# $300 bike



## sport7 (Jan 10, 2010)

Been thinking of getting a road bike under $300 and would prefer avoiding the Dept. store bikes. This leaves me with Craigslist or Bikes Direct.

I can deal with bike mechanics sufficiently, so the used route is not entirely out. The question is perhaps someone has a good experience with Bikes Direct. Gravity Avenue B may be the best as i like the steel fork, drop bars and 8 speed chain. Another one i like for the same reasons is the Mercier Galaxy AL SC1, additionally it has stem mounted shifting which i prefer over the down tube shifting, but either is acceptable.

The Gravity may have a better metal derailleur and a triple gear front. 

The bikes are found on the road bikes page http://www.bikesdirect.com/products/road_bikes.htm There are others, but the Gravity and Galaxy appear to be best for the road.


----------



## rx-79g (Sep 14, 2010)

Most of the parts on the Gravity are MUCH nicer than the Galaxy.

But I'd watch Craigslist. The world is littered with barely used $600 bicycles selling for less than $300.


----------



## sport7 (Jan 10, 2010)

rx-79g said:


> Most of the parts on the Gravity are MUCH nicer than the Galaxy.
> 
> But I'd watch Craigslist. The world is littered with barely used $600 bicycles selling for less than $300.


Probably right. 

i hope some of that litter turns up on my local Craigslist, most of the stuff is from the big box stores.

Been leaning towards the Gravity, but they do have a nice steel bike for 100 more: it's the Mercier Galaxy steel touring bike.


----------



## PJ352 (Dec 5, 2007)

If you haven't already done so, I suggest reading the related thread (which BikesDirect bike). Posts there cover sizing/ fitting issues along with buying new versus used.

That said, depending on your fitness level and the terrain you'll be riding, the Gravity has the advantages of offering a triple crankset - three chainrings and has an 8 speed cassette as opposed to the Galaxy's two chainring/ 7 speed combo.
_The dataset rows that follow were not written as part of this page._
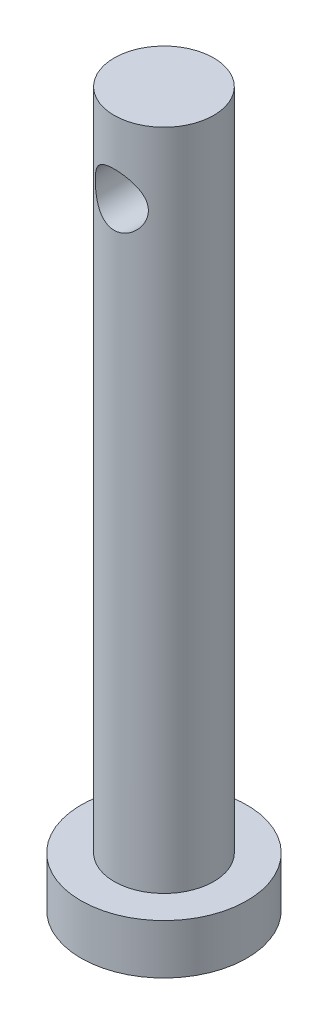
ISO-10303-21;
HEADER;
FILE_DESCRIPTION(('STEP AP214'),'2;1');
FILE_NAME('part.step','',(''),(''),'','','');
FILE_SCHEMA(('AUTOMOTIVE_DESIGN { 1 0 10303 214 1 1 1 1 }'));
ENDSEC;
DATA;
#1=APPLICATION_CONTEXT('core data for automotive mechanical design processes');
#2=APPLICATION_PROTOCOL_DEFINITION('international standard','automotive_design',2000,#1);
#3=PRODUCT_CONTEXT('',#1,'mechanical');
#4=PRODUCT('Part','Part','',(#3));
#5=PRODUCT_RELATED_PRODUCT_CATEGORY('part','',(#4));
#6=PRODUCT_DEFINITION_FORMATION('','',#4);
#7=PRODUCT_DEFINITION_CONTEXT('part definition',#1,'design');
#8=PRODUCT_DEFINITION('design','',#6,#7);
#9=PRODUCT_DEFINITION_SHAPE('','',#8);
#10=(LENGTH_UNIT() NAMED_UNIT(*) SI_UNIT(.MILLI.,.METRE.));
#11=(NAMED_UNIT(*) PLANE_ANGLE_UNIT() SI_UNIT($,.RADIAN.));
#12=(NAMED_UNIT(*) SI_UNIT($,.STERADIAN.) SOLID_ANGLE_UNIT());
#13=UNCERTAINTY_MEASURE_WITH_UNIT(LENGTH_MEASURE(1.E-05),#10,'distance_accuracy_value','');
#14=(GEOMETRIC_REPRESENTATION_CONTEXT(3) GLOBAL_UNCERTAINTY_ASSIGNED_CONTEXT((#13)) GLOBAL_UNIT_ASSIGNED_CONTEXT((#10,
#11,#12)) REPRESENTATION_CONTEXT('',''));
#15=CARTESIAN_POINT('',(0.,0.,0.));
#16=DIRECTION('',(0.,0.,1.));
#17=DIRECTION('',(1.,0.,0.));
#18=AXIS2_PLACEMENT_3D('',#15,#16,#17);
#19=CARTESIAN_POINT('',(-1.5,21.5,0.));
#20=DIRECTION('',(0.,1.,0.));
#21=DIRECTION('',(1.,0.,0.));
#22=AXIS2_PLACEMENT_3D('',#19,#20,#21);
#23=PLANE('',#22);
#24=CARTESIAN_POINT('',(0.,21.5,0.));
#25=DIRECTION('',(0.,1.,0.));
#26=DIRECTION('',(0.,0.,1.));
#27=AXIS2_PLACEMENT_3D('',#24,#25,#26);
#28=CIRCLE('',#27,1.5);
#29=CARTESIAN_POINT('',(0.,21.5,1.5));
#30=VERTEX_POINT('',#29);
#31=EDGE_CURVE('E38',#30,#30,#28,.T.);
#32=ORIENTED_EDGE('',*,*,#31,.T.);
#33=EDGE_LOOP('',(#32));
#34=FACE_BOUND('',#33,.T.);
#35=ADVANCED_FACE('F15',(#34),#23,.T.);
#36=CARTESIAN_POINT('',(-2.5,1.5,0.));
#37=DIRECTION('',(0.,1.,0.));
#38=DIRECTION('',(1.,0.,0.));
#39=AXIS2_PLACEMENT_3D('',#36,#37,#38);
#40=PLANE('',#39);
#41=CARTESIAN_POINT('',(0.,1.5,0.));
#42=DIRECTION('',(0.,1.,0.));
#43=DIRECTION('',(0.,0.,1.));
#44=AXIS2_PLACEMENT_3D('',#41,#42,#43);
#45=CIRCLE('',#44,1.5);
#46=CARTESIAN_POINT('',(0.,1.5,1.5));
#47=VERTEX_POINT('',#46);
#48=EDGE_CURVE('E47',#47,#47,#45,.T.);
#49=ORIENTED_EDGE('',*,*,#48,.F.);
#50=EDGE_LOOP('',(#49));
#51=FACE_BOUND('',#50,.T.);
#52=CARTESIAN_POINT('',(0.,1.5,0.));
#53=DIRECTION('',(0.,1.,0.));
#54=DIRECTION('',(0.,0.,1.));
#55=AXIS2_PLACEMENT_3D('',#52,#53,#54);
#56=CIRCLE('',#55,2.5);
#57=CARTESIAN_POINT('',(0.,1.5,2.5));
#58=VERTEX_POINT('',#57);
#59=EDGE_CURVE('E10',#58,#58,#56,.T.);
#60=ORIENTED_EDGE('',*,*,#59,.T.);
#61=EDGE_LOOP('',(#60));
#62=FACE_BOUND('',#61,.T.);
#63=ADVANCED_FACE('F67',(#51,#62),#40,.T.);
#64=CARTESIAN_POINT('',(0.,0.,0.));
#65=DIRECTION('',(0.,-1.,0.));
#66=DIRECTION('',(0.,0.,-1.));
#67=AXIS2_PLACEMENT_3D('',#64,#65,#66);
#68=PLANE('',#67);
#69=CARTESIAN_POINT('',(0.,0.,0.));
#70=DIRECTION('',(0.,1.,0.));
#71=DIRECTION('',(0.,0.,1.));
#72=AXIS2_PLACEMENT_3D('',#69,#70,#71);
#73=CIRCLE('',#72,2.5);
#74=CARTESIAN_POINT('',(0.,0.,2.5));
#75=VERTEX_POINT('',#74);
#76=EDGE_CURVE('E28',#75,#75,#73,.T.);
#77=ORIENTED_EDGE('',*,*,#76,.F.);
#78=EDGE_LOOP('',(#77));
#79=FACE_BOUND('',#78,.T.);
#80=ADVANCED_FACE('F59',(#79),#68,.T.);
#81=CARTESIAN_POINT('',(0.,0.,0.));
#82=DIRECTION('',(0.,1.,0.));
#83=DIRECTION('',(0.,0.,1.));
#84=AXIS2_PLACEMENT_3D('',#81,#82,#83);
#85=CYLINDRICAL_SURFACE('',#84,2.5);
#86=ORIENTED_EDGE('',*,*,#59,.F.);
#87=EDGE_LOOP('',(#86));
#88=FACE_BOUND('',#87,.T.);
#89=ORIENTED_EDGE('',*,*,#76,.T.);
#90=EDGE_LOOP('',(#89));
#91=FACE_BOUND('',#90,.T.);
#92=ADVANCED_FACE('F56',(#88,#91),#85,.T.);
#93=CARTESIAN_POINT('',(0.,0.,0.));
#94=DIRECTION('',(0.,1.,0.));
#95=DIRECTION('',(0.,0.,1.));
#96=AXIS2_PLACEMENT_3D('',#93,#94,#95);
#97=CYLINDRICAL_SURFACE('',#96,1.5);
#98=CARTESIAN_POINT('',(0.,18.5,-1.5));
#99=CARTESIAN_POINT('',(-0.0417534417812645,18.5000008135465,-1.49999924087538));
#100=CARTESIAN_POINT('',(-0.083514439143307,18.5032844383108,-1.49824053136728));
#101=CARTESIAN_POINT('',(-0.165754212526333,18.5162519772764,-1.49138572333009));
#102=CARTESIAN_POINT('',(-0.206232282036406,18.5259393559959,-1.48628781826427));
#103=CARTESIAN_POINT('',(-0.284636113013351,18.5512184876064,-1.47328110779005));
#104=CARTESIAN_POINT('',(-0.322570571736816,18.5667887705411,-1.46538252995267));
#105=CARTESIAN_POINT('',(-0.395228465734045,18.6032585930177,-1.44747938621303));
#106=CARTESIAN_POINT('',(-0.429951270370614,18.6241591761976,-1.43747440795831));
#107=CARTESIAN_POINT('',(-0.497766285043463,18.6722506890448,-1.41547938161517));
#108=CARTESIAN_POINT('',(-0.530599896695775,18.6997655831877,-1.40340192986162));
#109=CARTESIAN_POINT('',(-0.59143221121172,18.7596012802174,-1.37887123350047));
#110=CARTESIAN_POINT('',(-0.619426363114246,18.7919265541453,-1.36641764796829));
#111=CARTESIAN_POINT('',(-0.672363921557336,18.8639901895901,-1.34121681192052));
#112=CARTESIAN_POINT('',(-0.696793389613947,18.9041362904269,-1.32854705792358));
#113=CARTESIAN_POINT('',(-0.738438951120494,18.9886804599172,-1.30586143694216));
#114=CARTESIAN_POINT('',(-0.755665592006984,19.0330721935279,-1.29584169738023));
#115=CARTESIAN_POINT('',(-0.779091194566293,19.114559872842,-1.28185757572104));
#116=CARTESIAN_POINT('',(-0.786899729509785,19.1510483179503,-1.27703777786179));
#117=CARTESIAN_POINT('',(-0.797352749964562,19.2250229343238,-1.27053834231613));
#118=CARTESIAN_POINT('',(-0.800000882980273,19.2625083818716,-1.2688564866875));
#119=CARTESIAN_POINT('',(-0.799999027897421,19.3412757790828,-1.26885914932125));
#120=CARTESIAN_POINT('',(-0.796787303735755,19.3825590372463,-1.27090058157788));
#121=CARTESIAN_POINT('',(-0.784132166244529,19.4638017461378,-1.2787452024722));
#122=CARTESIAN_POINT('',(-0.774683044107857,19.5037599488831,-1.28455183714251));
#123=CARTESIAN_POINT('',(-0.750098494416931,19.5810506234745,-1.29905829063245));
#124=CARTESIAN_POINT('',(-0.73499450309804,19.6183962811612,-1.30774208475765));
#125=CARTESIAN_POINT('',(-0.699630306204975,19.6900186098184,-1.32699730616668));
#126=CARTESIAN_POINT('',(-0.679368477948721,19.7242943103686,-1.33756932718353));
#127=CARTESIAN_POINT('',(-0.632024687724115,19.792363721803,-1.36062514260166));
#128=CARTESIAN_POINT('',(-0.604479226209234,19.8258059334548,-1.37319519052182));
#129=CARTESIAN_POINT('',(-0.54430635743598,19.8878779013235,-1.3981387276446));
#130=CARTESIAN_POINT('',(-0.511675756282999,19.9165046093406,-1.41051208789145));
#131=CARTESIAN_POINT('',(-0.439097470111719,19.9703683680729,-1.43484177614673));
#132=CARTESIAN_POINT('',(-0.398774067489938,19.9951541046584,-1.44668647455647));
#133=CARTESIAN_POINT('',(-0.313792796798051,20.0374129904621,-1.4674597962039));
#134=CARTESIAN_POINT('',(-0.269140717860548,20.0548957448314,-1.47639224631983));
#135=CARTESIAN_POINT('',(-0.187070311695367,20.0787217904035,-1.48873428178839));
#136=CARTESIAN_POINT('',(-0.150231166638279,20.0866722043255,-1.49292777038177));
#137=CARTESIAN_POINT('',(-0.0755965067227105,20.097310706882,-1.49856046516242));
#138=CARTESIAN_POINT('',(-0.0378013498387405,20.1000007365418,-1.50000068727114));
#139=CARTESIAN_POINT('',(0.0417534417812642,20.0999991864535,-1.49999924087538));
#140=CARTESIAN_POINT('',(0.0835144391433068,20.0967155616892,-1.49824053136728));
#141=CARTESIAN_POINT('',(0.165754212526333,20.0837480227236,-1.49138572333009));
#142=CARTESIAN_POINT('',(0.206232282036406,20.0740606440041,-1.48628781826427));
#143=CARTESIAN_POINT('',(0.284636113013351,20.0487815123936,-1.47328110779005));
#144=CARTESIAN_POINT('',(0.322570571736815,20.0332112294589,-1.46538252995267));
#145=CARTESIAN_POINT('',(0.395228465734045,19.9967414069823,-1.44747938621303));
#146=CARTESIAN_POINT('',(0.429951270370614,19.9758408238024,-1.43747440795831));
#147=CARTESIAN_POINT('',(0.497766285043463,19.9277493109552,-1.41547938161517));
#148=CARTESIAN_POINT('',(0.530599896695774,19.9002344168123,-1.40340192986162));
#149=CARTESIAN_POINT('',(0.59143221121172,19.8403987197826,-1.37887123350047));
#150=CARTESIAN_POINT('',(0.619426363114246,19.8080734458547,-1.36641764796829));
#151=CARTESIAN_POINT('',(0.672363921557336,19.7360098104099,-1.34121681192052));
#152=CARTESIAN_POINT('',(0.696793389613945,19.6958637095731,-1.32854705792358));
#153=CARTESIAN_POINT('',(0.738438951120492,19.6113195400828,-1.30586143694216));
#154=CARTESIAN_POINT('',(0.755665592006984,19.5669278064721,-1.29584169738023));
#155=CARTESIAN_POINT('',(0.779091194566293,19.485440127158,-1.28185757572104));
#156=CARTESIAN_POINT('',(0.786899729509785,19.4489516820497,-1.27703777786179));
#157=CARTESIAN_POINT('',(0.797352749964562,19.3749770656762,-1.27053834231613));
#158=CARTESIAN_POINT('',(0.800000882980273,19.3374916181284,-1.2688564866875));
#159=CARTESIAN_POINT('',(0.799999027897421,19.2587242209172,-1.26885914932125));
#160=CARTESIAN_POINT('',(0.796787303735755,19.2174409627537,-1.27090058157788));
#161=CARTESIAN_POINT('',(0.784132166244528,19.1361982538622,-1.2787452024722));
#162=CARTESIAN_POINT('',(0.774683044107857,19.0962400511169,-1.28455183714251));
#163=CARTESIAN_POINT('',(0.750098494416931,19.0189493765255,-1.29905829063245));
#164=CARTESIAN_POINT('',(0.734994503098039,18.9816037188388,-1.30774208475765));
#165=CARTESIAN_POINT('',(0.699630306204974,18.9099813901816,-1.32699730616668));
#166=CARTESIAN_POINT('',(0.67936847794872,18.8757056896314,-1.33756932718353));
#167=CARTESIAN_POINT('',(0.632024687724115,18.807636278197,-1.36062514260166));
#168=CARTESIAN_POINT('',(0.604479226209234,18.7741940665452,-1.37319519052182));
#169=CARTESIAN_POINT('',(0.54430635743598,18.7121220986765,-1.3981387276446));
#170=CARTESIAN_POINT('',(0.511675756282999,18.6834953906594,-1.41051208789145));
#171=CARTESIAN_POINT('',(0.43909747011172,18.6296316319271,-1.43484177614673));
#172=CARTESIAN_POINT('',(0.398774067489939,18.6048458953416,-1.44668647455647));
#173=CARTESIAN_POINT('',(0.313792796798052,18.5625870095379,-1.4674597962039));
#174=CARTESIAN_POINT('',(0.269140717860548,18.5451042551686,-1.47639224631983));
#175=CARTESIAN_POINT('',(0.187070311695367,18.5212782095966,-1.48873428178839));
#176=CARTESIAN_POINT('',(0.150231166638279,18.5133277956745,-1.49292777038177));
#177=CARTESIAN_POINT('',(0.0755965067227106,18.502689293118,-1.49856046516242));
#178=CARTESIAN_POINT('',(0.0378013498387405,18.4999992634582,-1.50000068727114));
#179=CARTESIAN_POINT('',(0.,18.5,-1.5));
#180=B_SPLINE_CURVE_WITH_KNOTS('',3,(#98,#99,#100,#101,#102,#103,#104,#105,#106,#107,#108,#109,
#110,#111,#112,#113,#114,#115,#116,#117,#118,#119,#120,#121,#122,#123,#124,#125,#126,#127,#128,
#129,#130,#131,#132,#133,#134,#135,#136,#137,#138,#139,#140,#141,#142,#143,#144,#145,#146,#147,
#148,#149,#150,#151,#152,#153,#154,#155,#156,#157,#158,#159,#160,#161,#162,#163,#164,#165,#166,
#167,#168,#169,#170,#171,#172,#173,#174,#175,#176,#177,#178,#179),.UNSPECIFIED.,.T.,.F.,(4,2,2,
2,2,2,2,2,2,2,2,2,2,2,2,2,2,2,2,2,2,2,2,2,2,2,2,2,2,2,2,2,2,2,2,2,2,2,2,2,4),(0.,
0.125112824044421,0.250293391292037,0.375021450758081,0.499773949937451,0.632754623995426,
0.765859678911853,0.911150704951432,1.05622822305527,1.16864361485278,1.28097951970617,
1.40465388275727,1.52844159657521,1.65155113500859,1.77469945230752,1.90948281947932,
2.04435118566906,2.18995700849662,2.3353707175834,2.44868304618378,2.5619535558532,
2.68706637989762,2.81224694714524,2.93697500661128,3.06172750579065,3.19470817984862,
3.32781323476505,3.47310426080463,3.61818177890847,3.73059717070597,3.84293307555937,
3.96660743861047,4.09039515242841,4.21350469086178,4.33665300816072,4.47143637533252,
4.60630474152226,4.75191056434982,4.8973242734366,5.01063660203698,5.1239071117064),.UNSPECIFIED.);
#181=CARTESIAN_POINT('',(0.,18.5,-1.5));
#182=VERTEX_POINT('',#181);
#183=EDGE_CURVE('E18',#182,#182,#180,.T.);
#184=ORIENTED_EDGE('',*,*,#183,.F.);
#185=EDGE_LOOP('',(#184));
#186=FACE_BOUND('',#185,.T.);
#187=ORIENTED_EDGE('',*,*,#31,.F.);
#188=EDGE_LOOP('',(#187));
#189=FACE_BOUND('',#188,.T.);
#190=ORIENTED_EDGE('',*,*,#48,.T.);
#191=EDGE_LOOP('',(#190));
#192=FACE_BOUND('',#191,.T.);
#193=CARTESIAN_POINT('',(-0.8,19.3,1.26885775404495));
#194=CARTESIAN_POINT('',(-0.799999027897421,19.2587242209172,1.26885914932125));
#195=CARTESIAN_POINT('',(-0.796787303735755,19.2174409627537,1.27090058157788));
#196=CARTESIAN_POINT('',(-0.784132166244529,19.1361982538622,1.2787452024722));
#197=CARTESIAN_POINT('',(-0.774683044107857,19.0962400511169,1.28455183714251));
#198=CARTESIAN_POINT('',(-0.750098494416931,19.0189493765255,1.29905829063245));
#199=CARTESIAN_POINT('',(-0.73499450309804,18.9816037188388,1.30774208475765));
#200=CARTESIAN_POINT('',(-0.699630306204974,18.9099813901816,1.32699730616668));
#201=CARTESIAN_POINT('',(-0.67936847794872,18.8757056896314,1.33756932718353));
#202=CARTESIAN_POINT('',(-0.632024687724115,18.807636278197,1.36062514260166));
#203=CARTESIAN_POINT('',(-0.604479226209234,18.7741940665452,1.37319519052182));
#204=CARTESIAN_POINT('',(-0.54430635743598,18.7121220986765,1.3981387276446));
#205=CARTESIAN_POINT('',(-0.511675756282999,18.6834953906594,1.41051208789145));
#206=CARTESIAN_POINT('',(-0.439097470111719,18.6296316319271,1.43484177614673));
#207=CARTESIAN_POINT('',(-0.398774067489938,18.6048458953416,1.44668647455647));
#208=CARTESIAN_POINT('',(-0.31379279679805,18.5625870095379,1.4674597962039));
#209=CARTESIAN_POINT('',(-0.269140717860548,18.5451042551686,1.47639224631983));
#210=CARTESIAN_POINT('',(-0.187070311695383,18.5212782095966,1.48873428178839));
#211=CARTESIAN_POINT('',(-0.150231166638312,18.5133277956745,1.49292777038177));
#212=CARTESIAN_POINT('',(-0.0755965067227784,18.5026892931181,1.49856046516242));
#213=CARTESIAN_POINT('',(-0.0378013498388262,18.4999992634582,1.50000068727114));
#214=CARTESIAN_POINT('',(0.0417534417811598,18.5000008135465,1.49999924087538));
#215=CARTESIAN_POINT('',(0.0835144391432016,18.5032844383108,1.49824053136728));
#216=CARTESIAN_POINT('',(0.165754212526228,18.5162519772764,1.49138572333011));
#217=CARTESIAN_POINT('',(0.206232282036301,18.5259393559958,1.48628781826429));
#218=CARTESIAN_POINT('',(0.284636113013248,18.5512184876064,1.47328110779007));
#219=CARTESIAN_POINT('',(0.322570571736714,18.5667887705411,1.4653825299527));
#220=CARTESIAN_POINT('',(0.395228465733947,18.6032585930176,1.44747938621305));
#221=CARTESIAN_POINT('',(0.429951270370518,18.6241591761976,1.43747440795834));
#222=CARTESIAN_POINT('',(0.497766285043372,18.6722506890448,1.4154793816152));
#223=CARTESIAN_POINT('',(0.530599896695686,18.6997655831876,1.40340192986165));
#224=CARTESIAN_POINT('',(0.591432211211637,18.7596012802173,1.37887123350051));
#225=CARTESIAN_POINT('',(0.619426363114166,18.7919265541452,1.36641764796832));
#226=CARTESIAN_POINT('',(0.672363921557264,18.86399018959,1.34121681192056));
#227=CARTESIAN_POINT('',(0.696793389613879,18.9041362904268,1.32854705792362));
#228=CARTESIAN_POINT('',(0.73843895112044,18.9886804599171,1.30586143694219));
#229=CARTESIAN_POINT('',(0.755665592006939,19.0330721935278,1.29584169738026));
#230=CARTESIAN_POINT('',(0.77909119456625,19.1145598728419,1.28185757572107));
#231=CARTESIAN_POINT('',(0.786899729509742,19.1510483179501,1.27703777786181));
#232=CARTESIAN_POINT('',(0.797352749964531,19.2250229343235,1.27053834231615));
#233=CARTESIAN_POINT('',(0.800000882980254,19.2625083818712,1.26885648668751));
#234=CARTESIAN_POINT('',(0.799999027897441,19.3412757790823,1.26885914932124));
#235=CARTESIAN_POINT('',(0.796787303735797,19.3825590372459,1.27090058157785));
#236=CARTESIAN_POINT('',(0.784132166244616,19.4638017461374,1.27874520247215));
#237=CARTESIAN_POINT('',(0.774683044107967,19.5037599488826,1.28455183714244));
#238=CARTESIAN_POINT('',(0.750098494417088,19.5810506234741,1.29905829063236));
#239=CARTESIAN_POINT('',(0.734994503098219,19.6183962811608,1.30774208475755));
#240=CARTESIAN_POINT('',(0.699630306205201,19.690018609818,1.32699730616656));
#241=CARTESIAN_POINT('',(0.679368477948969,19.7242943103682,1.33756932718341));
#242=CARTESIAN_POINT('',(0.632024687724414,19.7923637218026,1.36062514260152));
#243=CARTESIAN_POINT('',(0.604479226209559,19.8258059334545,1.37319519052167));
#244=CARTESIAN_POINT('',(0.54430635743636,19.8878779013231,1.39813872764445));
#245=CARTESIAN_POINT('',(0.511675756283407,19.9165046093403,1.4105120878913));
#246=CARTESIAN_POINT('',(0.439097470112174,19.9703683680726,1.43484177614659));
#247=CARTESIAN_POINT('',(0.398774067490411,19.9951541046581,1.44668647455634));
#248=CARTESIAN_POINT('',(0.313792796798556,20.0374129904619,1.46745979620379));
#249=CARTESIAN_POINT('',(0.269140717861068,20.0548957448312,1.47639224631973));
#250=CARTESIAN_POINT('',(0.187070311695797,20.0787217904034,1.48873428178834));
#251=CARTESIAN_POINT('',(0.150231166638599,20.0866722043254,1.49292777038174));
#252=CARTESIAN_POINT('',(0.0755965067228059,20.0973107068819,1.49856046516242));
#253=CARTESIAN_POINT('',(0.0378013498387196,20.1000007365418,1.50000068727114));
#254=CARTESIAN_POINT('',(-0.0417534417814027,20.0999991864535,1.49999924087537));
#255=CARTESIAN_POINT('',(-0.0835144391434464,20.0967155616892,1.49824053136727));
#256=CARTESIAN_POINT('',(-0.165754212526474,20.0837480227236,1.49138572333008));
#257=CARTESIAN_POINT('',(-0.206232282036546,20.0740606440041,1.48628781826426));
#258=CARTESIAN_POINT('',(-0.284636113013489,20.0487815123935,1.47328110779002));
#259=CARTESIAN_POINT('',(-0.322570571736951,20.0332112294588,1.46538252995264));
#260=CARTESIAN_POINT('',(-0.395228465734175,19.9967414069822,1.44747938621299));
#261=CARTESIAN_POINT('',(-0.429951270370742,19.9758408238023,1.43747440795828));
#262=CARTESIAN_POINT('',(-0.497766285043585,19.9277493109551,1.41547938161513));
#263=CARTESIAN_POINT('',(-0.530599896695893,19.9002344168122,1.40340192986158));
#264=CARTESIAN_POINT('',(-0.59143221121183,19.8403987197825,1.37887123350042));
#265=CARTESIAN_POINT('',(-0.619426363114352,19.8080734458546,1.36641764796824));
#266=CARTESIAN_POINT('',(-0.672363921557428,19.7360098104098,1.34121681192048));
#267=CARTESIAN_POINT('',(-0.696793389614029,19.695863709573,1.32854705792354));
#268=CARTESIAN_POINT('',(-0.73843895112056,19.6113195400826,1.30586143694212));
#269=CARTESIAN_POINT('',(-0.755665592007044,19.5669278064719,1.29584169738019));
#270=CARTESIAN_POINT('',(-0.779091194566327,19.4854401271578,1.28185757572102));
#271=CARTESIAN_POINT('',(-0.786899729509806,19.4489516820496,1.27703777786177));
#272=CARTESIAN_POINT('',(-0.797352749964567,19.3749770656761,1.27053834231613));
#273=CARTESIAN_POINT('',(-0.800000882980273,19.3374916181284,1.2688564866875));
#274=CARTESIAN_POINT('',(-0.8,19.3,1.26885775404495));
#275=B_SPLINE_CURVE_WITH_KNOTS('',3,(#193,#194,#195,#196,#197,#198,#199,#200,#201,#202,#203,
#204,#205,#206,#207,#208,#209,#210,#211,#212,#213,#214,#215,#216,#217,#218,#219,#220,#221,#222,
#223,#224,#225,#226,#227,#228,#229,#230,#231,#232,#233,#234,#235,#236,#237,#238,#239,#240,#241,
#242,#243,#244,#245,#246,#247,#248,#249,#250,#251,#252,#253,#254,#255,#256,#257,#258,#259,#260,
#261,#262,#263,#264,#265,#266,#267,#268,#269,#270,#271,#272,#273,#274),.UNSPECIFIED.,.T.,.F.,(4,
2,2,2,2,2,2,2,2,2,2,2,2,2,2,2,2,2,2,2,2,2,2,2,2,2,2,2,2,2,2,2,2,2,2,2,2,2,2,2,4),(0.,
0.1236743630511,0.247462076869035,0.370571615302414,0.493719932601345,0.628503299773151,
0.763371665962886,0.908977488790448,1.05439119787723,1.16770352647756,1.28097403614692,
1.40608686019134,1.53126742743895,1.65599548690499,1.78074798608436,1.91372866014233,
2.04683371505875,2.19212474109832,2.33720225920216,2.44961765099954,2.5619535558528,
2.68562791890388,2.80941563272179,2.93252517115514,3.05567348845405,3.19045685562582,
3.32532522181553,3.47093104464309,3.61634475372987,3.7296570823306,3.84292759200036,
3.96804041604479,4.09322098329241,4.21794904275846,4.34270154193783,4.47568221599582,
4.60878727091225,4.75407829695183,4.89915581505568,5.01157120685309,5.1239071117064),.UNSPECIFIED.);
#276=CARTESIAN_POINT('',(-0.8,19.3,1.26885775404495));
#277=VERTEX_POINT('',#276);
#278=EDGE_CURVE('E41',#277,#277,#275,.T.);
#279=ORIENTED_EDGE('',*,*,#278,.F.);
#280=EDGE_LOOP('',(#279));
#281=FACE_BOUND('',#280,.T.);
#282=ADVANCED_FACE('F48',(#186,#189,#192,#281),#97,.T.);
#283=CARTESIAN_POINT('',(0.,19.3,-5.));
#284=DIRECTION('',(0.,0.,1.));
#285=DIRECTION('',(1.,0.,0.));
#286=AXIS2_PLACEMENT_3D('',#283,#284,#285);
#287=CYLINDRICAL_SURFACE('',#286,0.8);
#288=ORIENTED_EDGE('',*,*,#278,.T.);
#289=EDGE_LOOP('',(#288));
#290=FACE_BOUND('',#289,.T.);
#291=ORIENTED_EDGE('',*,*,#183,.T.);
#292=EDGE_LOOP('',(#291));
#293=FACE_BOUND('',#292,.T.);
#294=ADVANCED_FACE('F52',(#290,#293),#287,.F.);
#295=CLOSED_SHELL('',(#35,#63,#80,#92,#282,#294));
#296=MANIFOLD_SOLID_BREP('B1',#295);
#297=ADVANCED_BREP_SHAPE_REPRESENTATION('',(#18,#296),#14);
#298=SHAPE_DEFINITION_REPRESENTATION(#9,#297);
ENDSEC;
END-ISO-10303-21;

IME success on CL is largely determined by locale. In my area there are about 12 MTB listings for every road bike listing. OTOH I've seen listings in warmer climates where on any given day there were dozens of road bike listings, so YMMV.


----------



## terbennett (Apr 1, 2006)

PJ352 said:


> If you haven't already done so, I suggest reading the related thread (which BikesDirect bike). Posts there cover sizing/ fitting issues along with buying new versus used.
> 
> That said, depending on your fitness level and the terrain you'll be riding, the Gravity has the advantages of offering a triple crankset - three chainrings and has an 8 speed cassette as opposed to the Galaxy's two chainring/ 7 speed combo.
> 
> IME success on CL is largely determined by locale. In my area there are about 12 MTB listings for every road bike listing. OTOH I've seen listings in warmer climates where on any given day there were dozens of road bike listings, so YMMV.


C-list is full of nice bikes for cheap. I picked up a Fuji Club LE with cromoly frame/fork and full Shimano Tiagra and real Shimano SPD pedals for $150. The bike looked like a new bike- literally! The guy I bought it from was the original owner. He rode the bike four times and decided cycling wasn't for him. It had been hanging in his bedroom on a rack ever since. I drove 20 miles to get it. Worth every penny. I kept the bike for one weekend (even did a century on it), and relisted it on Craigslist. I sold it for $375. In my stable of carbon and aluminum bikes, that steelie really impressed me. At the time, there was a nice aluminum Fuji for $325 with Sora/Tiagra mix but it had a carbon fork and seatpost. Keep looking before you buy. If you feel good about purchasing one of the BD bikes, go for it. If you think that theres something better out there for you, keep searching. The economy has really brought down what those high priced used road bikes" are selling for. You'll get what you want at the price you want.


----------



## ArmyLTC (Dec 12, 2010)

terbennett said:


> C-list is full of nice bikes for cheap. Keep looking before you buy. If you feel good about purchasing one of the BD bikes, go for it. If you think that theres something better out there for you, keep searching. The economy has really brought down what those high priced used road bikes" are selling for. You'll get what you want at the price you want.


Great advice. Don't get in a hurry. Visit all your local Bike Shops (LBS) and sit on everything. Figure out what you like and keep looking. :thumbsup:


----------



## frpax (Feb 13, 2010)

PJ352 said:


> IME success on CL is largely determined by locale.


And patience... LOTS of patience. That almost always pays off.


----------



## lumber825 (Jun 28, 2009)

Check your LBS. Both near me sell used bikes on consignment. A good shop may charge a little more than C/L but with them there shouldn't be any surprises.


----------